== WHAT IS BEING ASKED ==
Whenever a line in the records below holds the string "part", copy it out.

== AVAILABLE DATA ==
:::::

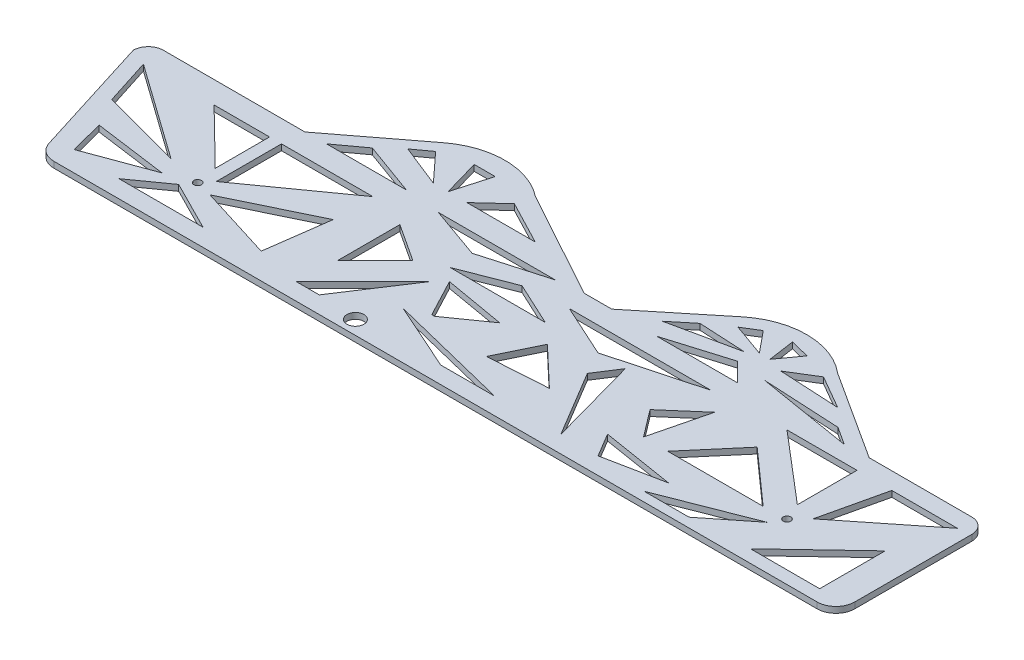
from build123d import *

# Parameters (mm, degrees)
SKETCH1_R           = 2
SKETCH1_R_2         = 4.313560469
SKETCH1_R_3         = 4.5
SKETCH1_R_4         = 3.716178426
BOSS_EXTRUDE1_DEPTH = 3.175
SKETCH2_W           = 597.466303312
SKETCH2_H           = 60.972543052
CUT_EXTRUDE1_DEPTH  = 70
FILLET1_R           = 10
FILLET2_R           = 10
SKETCH6_R           = 40
BOSS_EXTRUDE2_DEPTH = 3.175
BOSS_EXTRUDE3_DEPTH = 3.175
SKETCH9_R           = 40
BOSS_EXTRUDE4_DEPTH = 3.175
BOSS_EXTRUDE6_DEPTH = 3.175
CUT_EXTRUDE2_DEPTH  = 10
CUT_EXTRUDE3_DEPTH  = 10
CUT_EXTRUDE4_DEPTH  = 10
CUT_EXTRUDE5_DEPTH  = 10
CUT_EXTRUDE6_DEPTH  = 10


with BuildPart() as part:
    # Sketch1 → Boss-Extrude1 (new body)
    with BuildSketch(Plane(origin=(0, 0, 0), x_dir=(1, 0, 0), z_dir=(0, 1, 0))):
        with BuildLine():
            ThreePointArc((8, 150), (2.343145751, 147.656854249), (0, 142))
            Line((0, 142), (42, 8))
            ThreePointArc((42, 8), (44.343145751, 2.343145751), (50, 0))
            Line((50, 0), (436.5, 0))
            ThreePointArc((436.5, 0), (442.156854249, 2.343145751), (444.5, 8))
            Line((444.5, 8), (444.5, 142))
            ThreePointArc((444.5, 142), (442.156854249, 147.656854249), (436.5, 150))
            Line((436.5, 150), (336.748623665, 150))
            ThreePointArc((336.748623665, 150), (334.106475607, 148.038018595), (331.46432755, 150))
            Line((331.46432755, 150), (8, 150))
        make_face()
        with Locations(Location((388.475756445, 100.077126905, 0), (0, 0, 270))):
            Circle(SKETCH1_R, mode=Mode.SUBTRACT)
        with Locations(Location((307.606475607, 140.710564477, 0), (0, 0, 270))):
            Circle(SKETCH1_R_2, mode=Mode.SUBTRACT)
        with Locations(Location((77.821750814, 98.327219393, 0), (0, 0, 270))):
            Circle(SKETCH1_R, mode=Mode.SUBTRACT)
        with Locations(Location((182.429479385, 77.355745695, 0), (0, 0, 270))):
            Circle(SKETCH1_R_3, mode=Mode.SUBTRACT)
        with Locations(Location((146.269370224, 139.84039861, 0), (0, 0, 270))):
            Circle(SKETCH1_R_4, mode=Mode.SUBTRACT)
    extrude(amount=BOSS_EXTRUDE1_DEPTH)

    # Sketch2 → Cut-Extrude1 (cut)
    with BuildSketch(Plane.XY):
        with Locations((220.1785332, 7.544358636)):
            Rectangle(SKETCH2_W, SKETCH2_H)
    extrude(amount=-CUT_EXTRUDE1_DEPTH, mode=Mode.SUBTRACT)

    # Fillet1
    fillet1_edges = [part.edges().sort_by_distance(p)[0] for p in [
        (22.567164179, 1.5875, -70),
    ]]
    fillet(fillet1_edges, radius=FILLET1_R)

    # Fillet2
    fillet2_edges = [part.edges().sort_by_distance(p)[0] for p in [
        (444.5, 1.5875, -70),
    ]]
    fillet(fillet2_edges, radius=FILLET2_R)

    # Sketch6 → Boss-Extrude2 (add)
    with BuildSketch(Plane(origin=(0, 0, 0), x_dir=(1, 0, 0), z_dir=(0, 1, 0))):
        with Locations((149, 150.04039861)):
            Circle(SKETCH6_R)
    extrude(amount=BOSS_EXTRUDE2_DEPTH)

    # Sketch7 → Boss-Extrude3 (add)
    with BuildSketch(Plane(origin=(0, 0, 0), x_dir=(1, 0, 0), z_dir=(0, 1, 0))):
        Polygon((124.164543783, 181.396420591), (82.702881078, 149.750534228), (231.468946681, 149.750534228), (173.835456217, 181.396420591), align=None)
    extrude(amount=BOSS_EXTRUDE3_DEPTH)

    # Sketch9 → Boss-Extrude4 (add)
    with BuildSketch(Plane(origin=(0, 0, 0), x_dir=(1, 0, 0), z_dir=(0, 1, 0))):
        with BuildLine():
            ThreePointArc((269, 150), (272.870833001, 167.166341835), (283.734164599, 181.010281545))
            Line((283.734164599, 181.010281545), (245.673378314, 150))
            Line((245.673378314, 150), (269, 150))
        make_face()
        with Locations((309, 150)):
            Circle(SKETCH9_R)
    extrude(amount=BOSS_EXTRUDE4_DEPTH)

    # Sketch12 → Boss-Extrude6 (add)
    with BuildSketch(Plane(origin=(0, 0, 0), x_dir=(1, 0, 0), z_dir=(0, 1, 0))):
        Polygon((326.166341835, 186.129166999), (382.106475607, 150), (340.398839744, 150), align=None)
    extrude(amount=BOSS_EXTRUDE6_DEPTH)

    # Sketch13 → Cut-Extrude2 (cut)
    with BuildSketch(Plane(origin=(0, 3.175, 0), x_dir=(1, 0, 0), z_dir=(0, 1, 0))):
        Polygon((126.596630185, 175.699600472), (118.071388699, 169.473803102), (140.590780828, 160.520909874), align=None)
        Polygon((142.805778665, 179.955358976), (153.92453015, 179.955358976), (148.365154407, 160.520909874), align=None)
        Polygon((158.369799386, 160.520909874), (171.45690463, 172.586701787), (194.594159282, 160.520909874), align=None)
        Polygon((108.223756098, 160.520909874), (94.177153866, 150.262983529), (136.512601507, 150.262983529), align=None)
        Polygon((155.324532982, 148.431005589), (192.465847063, 148.431005589), (217.292214981, 148.431005589), (183.025531956, 138.62875365), align=None)
    extrude(amount=-CUT_EXTRUDE2_DEPTH, mode=Mode.SUBTRACT)

    # Sketch14 → Cut-Extrude3 (cut)
    with BuildSketch(Plane(origin=(0, 3.175, 0), x_dir=(1, 0, 0), z_dir=(0, 1, 0))):
        Polygon((287.387365491, 175.190284075), (295.66806948, 180.292754759), (305.015851869, 168.900328202), align=None)
        Polygon((308.630084677, 182.834690248), (318.900148429, 180.292754759), (310.630809682, 168.900328202), align=None)
        Polygon((318.900148429, 166.379196716), (332.89720101, 175.004012981), (350.750845105, 164.702889414), align=None)
        Polygon((300.341960675, 165.541043065), (275.583975015, 166.844059842), (264.607664644, 157.837711611), align=None)
        Polygon((318.900148429, 157.837711611), (359.859445758, 155.682017188), (369.45606502, 149.484000906), align=None)
        Polygon((302.829713803, 159.399721535), (270.095819829, 149.484000906), (312.697737902, 149.484000906), align=None)
    extrude(amount=-CUT_EXTRUDE3_DEPTH, mode=Mode.SUBTRACT)

    # Sketch15 → Cut-Extrude4 (cut)
    with BuildSketch(Plane(origin=(0, 3.175, 0), x_dir=(1, 0, 0), z_dir=(0, 1, 0))):
        Polygon((9.082536395, 138.332869462), (16.951784082, 113.666673792), (59.847245845, 102.198186546), align=None)
        Polygon((46.527345648, 138.332869462), (75.932780446, 138.332869462), (75.932780446, 109.552219535), align=None)
        Polygon((82.275228769, 103.765733182), (130.726352108, 138.332869462), (82.275228769, 138.332869462), align=None)
        Polygon((25.252080853, 98.620149784), (30.014206453, 80.800449194), (63.923719137, 93.326510285), align=None)
        Polygon((73.651734719, 92.462114854), (55.153094423, 79.264381219), (99.755557686, 79.264381219), align=None)
        Polygon((86.703646203, 95.973330035), (130.726352108, 117.260863799), (126.131589339, 83.694731493), align=None)
    extrude(amount=-CUT_EXTRUDE4_DEPTH, mode=Mode.SUBTRACT)

    # Sketch16 → Cut-Extrude5 (cut)
    with BuildSketch(Plane(origin=(0, 3.175, 0), x_dir=(1, 0, 0), z_dir=(0, 1, 0))):
        Polygon((437.892195527, 140.994591207), (395.306902067, 107.113261781), (403.121369003, 140.994591207), align=None)
        Polygon((384.654839472, 93.268223937), (361.655164528, 74.969428739), (337.798732838, 74.969428739), align=None)
        Polygon((429.106942721, 111.483374831), (392.46021732, 76.762265555), (429.106942721, 76.762265555), align=None)
        Polygon((384.654839472, 140.994591207), (347.551515413, 140.994591207), (384.654839472, 109.39285335), align=None)
        Polygon((347.551515413, 125.193722279), (325.746359439, 99.592479337), (376.307639908, 99.592479337), align=None)
    extrude(amount=-CUT_EXTRUDE5_DEPTH, mode=Mode.SUBTRACT)

    # Sketch17 → Cut-Extrude6 (cut)
    with BuildSketch(Plane(origin=(0, 3.175, 0), x_dir=(1, 0, 0), z_dir=(0, 1, 0))):
        Polygon((234.14639503, 139.026116815), (309.197820801, 139.026116815), (262.118798526, 126.26771918), align=None)
        Polygon((211.155668978, 136.962371774), (183.727319265, 126.26771918), (234.14639503, 126.26771918), align=None)
        Polygon((150.710604994, 132.646917997), (150.710604994, 99.742633834), (170.588020135, 119.620048974), align=None)
        Polygon((150.710604994, 80.176001915), (184.553616381, 114.019013303), (161.611869132, 79.012701862), (149.369026486, 79.012701862), align=None)
        Polygon((190.022281375, 95.03260673), (225.996651018, 79.012701862), (254.545180422, 79.012701862), align=None)
        Polygon((200.527414873, 99.742633834), (190.022281375, 119.620048974), (222.283730898, 114.019013303), (202.008756576, 99.742633834), align=None)
        Polygon((244.72715064, 116.819531138), (234.14639503, 95.03260673), (265.507593925, 97.097507609), align=None)
        Polygon((268.717573549, 114.019013303), (289.655742431, 79.012701862), (276.569858899, 126.26771918), align=None)
        Polygon((301.929754413, 114.019013303), (320.262459356, 129.915538559), (312.771055987, 99.742633834), align=None)
        Polygon((301.929754413, 91.509886863), (309.404639922, 79.012701862), (340.535394318, 85.261294363), align=None)
    extrude(amount=-CUT_EXTRUDE6_DEPTH, mode=Mode.SUBTRACT)


solid = part.part

:::::

== EXERCISE RESULT ==
with BuildPart() as part:
    fillet1_edges = [part.edges().sort_by_distance(p)[0] for p in [
    fillet2_edges = [part.edges().sort_by_distance(p)[0] for p in [
solid = part.part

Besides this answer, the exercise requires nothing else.